Managing your stock class rotation is important, says Dowling. 

“Depending on the genetics of your ewe she can make life hostile for the worm. If you fed Telodorsagia larvae to a 30kg lamb about 30% would become adult worms. If you fed those to an adult ewe only 2-3% would become adult worms,” Dowling explains.

“It is not fully understood why, but something in some adult ewes makes life so hostile for larvae that they don’t develop into adults.

“So if your ewes have a high egg count, you need to do something about your ewes. It is not a silly idea to faecal egg count your ewes to find out what is happening on your farm.

“One count is a snapshot in time, but doing them regularly year after year you start to get a picture.”

Dowling says two tooths don’t put out as many eggs as lambs. Four tooths are better. Once a ewe is fully mature - considered to be after her second winter - that is as good as it will get. Adult cattle are similar: two year old cattle don’t put out nearly as many worms as younger cattle.

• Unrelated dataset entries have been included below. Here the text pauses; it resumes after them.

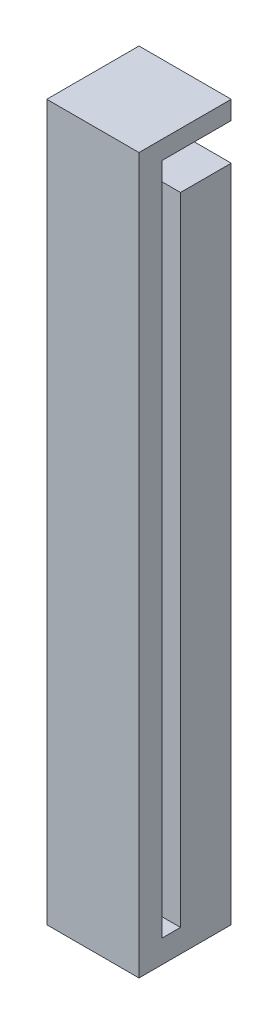
SolidWorks part; units mm, degrees
ref_plane "Front Plane" through (0, 0, 0) normal (0, 0, 1) x (1, 0, 0)
ref_plane "Top Plane" through (0, 0, 0) normal (0, 1, 0) x (1, 0, 0)
ref_plane "Right Plane" through (0, 0, 0) normal (1, 0, 0) x (0, 0, -1)
sketch "Sketch1" plane through (0, 0, 0) normal (0, 1, 0) x (1, 0, 0)
  line L1 (0, 0) -> (10, 0)
  line L2 (0, 0) -> (0, 10)
  line L3 (0, 10) -> (10, 10)
  line L4 (10, 0) -> (10, 10)
  dimension "D1" = 10
extrude "Boss-Extrude1" add sketch "Sketch1" along normal blind 75
sketch "Sketch3" plane through (0, 0, -10) normal (0, 0, -1) x (-1, 0, 0)
  line L0 (-10, 75) -> (-10, 0) construction
  line L1 (-2.5, 73) -> (-10, 73)
  line L2 (-2.5, 73) -> (-2.5, 69)
  line L3 (-2.5, 69) -> (-10, 69)
  line L4 (-10, 73) -> (-10, 69)
  line L5 (-10, 75) -> (0, 75) construction
  line L6 (0, 75) -> (0, 0) construction
  dimension "D1" = 2
  dimension "D2" = 4
  dimension "D3" = 2.5
extrude "Cut-Extrude1" cut sketch "Sketch3" against normal offset from surface (7.5 mm away) 2.5 up to face at (5, 37.5, 0)
sketch "Sketch4" plane through (0, 0, 0) normal (0, -1, 0) x (1, 0, 0)
  line L0 (2.5, -2.5) -> (2.5, -10) construction
  line L1 (2.5, -2.5) -> (2.5, -10)
  line L2 (2.5, -2.5) -> (10, -2.5) construction
  line L3 (2.5, -2.5) -> (10, -2.5)
  line L4 (10, -10) -> (0, -10) construction
  line L5 (10, -2.5) -> (2.5, -2.5)
  line L6 (10, -2.5) -> (10, -4.5)
  line L7 (10, -4.5) -> (2.5, -4.5)
  line L8 (2.5, -2.5) -> (2.5, -4.5)
  line L9 (4.5, -10) -> (2.5, -10)
  line L10 (4.5, -10) -> (4.5, -4.5)
  line L11 (4.5, -4.5) -> (2.5, -4.5)
  line L12 (2.5, -10) -> (2.5, -4.5)
  line M10 (0, -10) -> (10, -10)
  line M11 (10, -10) -> (10, 0)
  dimension "D1" = 2
  dimension "D2" = 2
extrude "Cut-Extrude2" cut sketch "Sketch4" against normal up to surface (73 mm away) contours L7 L3 L1 M11 | L10 L7 L1 M10 region at (6.25, 0, -3.5) region at (3.5, 0, -7.25) up to face at (6.25, 73, -6.25)
sketch "Sketch5" plane through (0, 0, 0) normal (0, -1, 0) x (1, 0, 0)
  line L1 (0, 0) -> (10, 0)
  line L2 (0, 0) -> (0, -10)
  line L3 (0, -10) -> (10, -10)
  line L4 (10, 0) -> (10, -10)
extrude "Boss-Extrude2" add sketch "Sketch5" along normal blind 2.5
sketch "Sketch6" plane through (0, 0, 0) normal (0, 1, 0) x (1, 0, 0)
  line L0 (10, 4.5) -> (4.5, 4.5) construction
  line L1 (2.5, 2.5) -> (6.5, 2.5)
  line L2 (2.5, 2.5) -> (2.5, 4.5)
  line L3 (2.5, 4.5) -> (6.5, 4.5)
  line L4 (6.5, 2.5) -> (6.5, 4.5)
  line L5 (4.5, 10) -> (4.5, 4.5) construction
  line L6 (2.5, 4.5) -> (4.5, 4.5)
  line L7 (2.5, 4.5) -> (2.5, 6.5)
  line L8 (2.5, 6.5) -> (4.5, 6.5)
  line L9 (4.5, 4.5) -> (4.5, 6.5)
  line L10 (3.5, 2.5) -> (3.5, 6.5) construction
  line M7 (10, 4.5) -> (4.5, 4.5)
  line M8 (4.5, 4.5) -> (4.5, 10)
  line M10 (2.5, 10) -> (2.5, 2.5)
  line M11 (2.5, 2.5) -> (10, 2.5)
  dimension "D1" = 4
extrude "Boss-Extrude3" add sketch "Sketch6" along normal up to surface (73 mm away) contours L10 L1 L4 L6 M7 | L10 L6 L8 M8 | L3 L10 L8 M10 | L10 L3 M11 M10 region at (3, 0, -3.5) region at (5, 0, -3.5) region at (3, 0, -5.5) region at (4, 0, -5.5) up to face at (6.25, 73, -6.25)
sketch "Sketch7" plane through (0, -2.5, 0) normal (0, -1, 0) x (1, 0, 0)
  line L0 (5, 0) -> (5, -10) construction
  line L1 (10, 0) -> (0, 0) construction
  line L2 (0, -10) -> (10, -10) construction
  circle A0 centre (5, -5) radius 2
  dimension "D1" = 4
extrude "Cut-Extrude3" cut sketch "Sketch7" against normal blind 2

He says faecal egg count test sheep at important times of the year – at least autumn, winter and spring. Faecal egg counting cattle older than eight months is highly inaccurate and likely to miss a burden. In cattle, liveweight gain is the best indicator of which needs drenching in the mob.

Protein is a great way to help animals manage the effect of parasites. Lucky for Kiwi farmers, NZ pastures often contain ample protein. 

The liver metabolises the drench and it is these components which kill the worms, not the drench itself. Oral drench needs to sit in the rumen for as long as possible. Injectable drenches introduce high levels and pour ons are slower and more variable. 

Don’t drench lambs in the docking cradle and don’t drench calves on a feeder or calves still being fed milk.

“If you can’t get your cattle to effectively swallow oral drench then don’t oral drench them. If you under dose them you will have just given a whole lot of worms a taste of the drench and they will survive.”

With pour-ons you get a lower level of drug into the animal. With injections you get a much higher dose so you get a better upfront kill.

Dowling says he prefers orals and injections as these have triple combination options.

“Arguments cut both ways but if you want to kill the worms you need a high concentration of drug and susceptible worms.”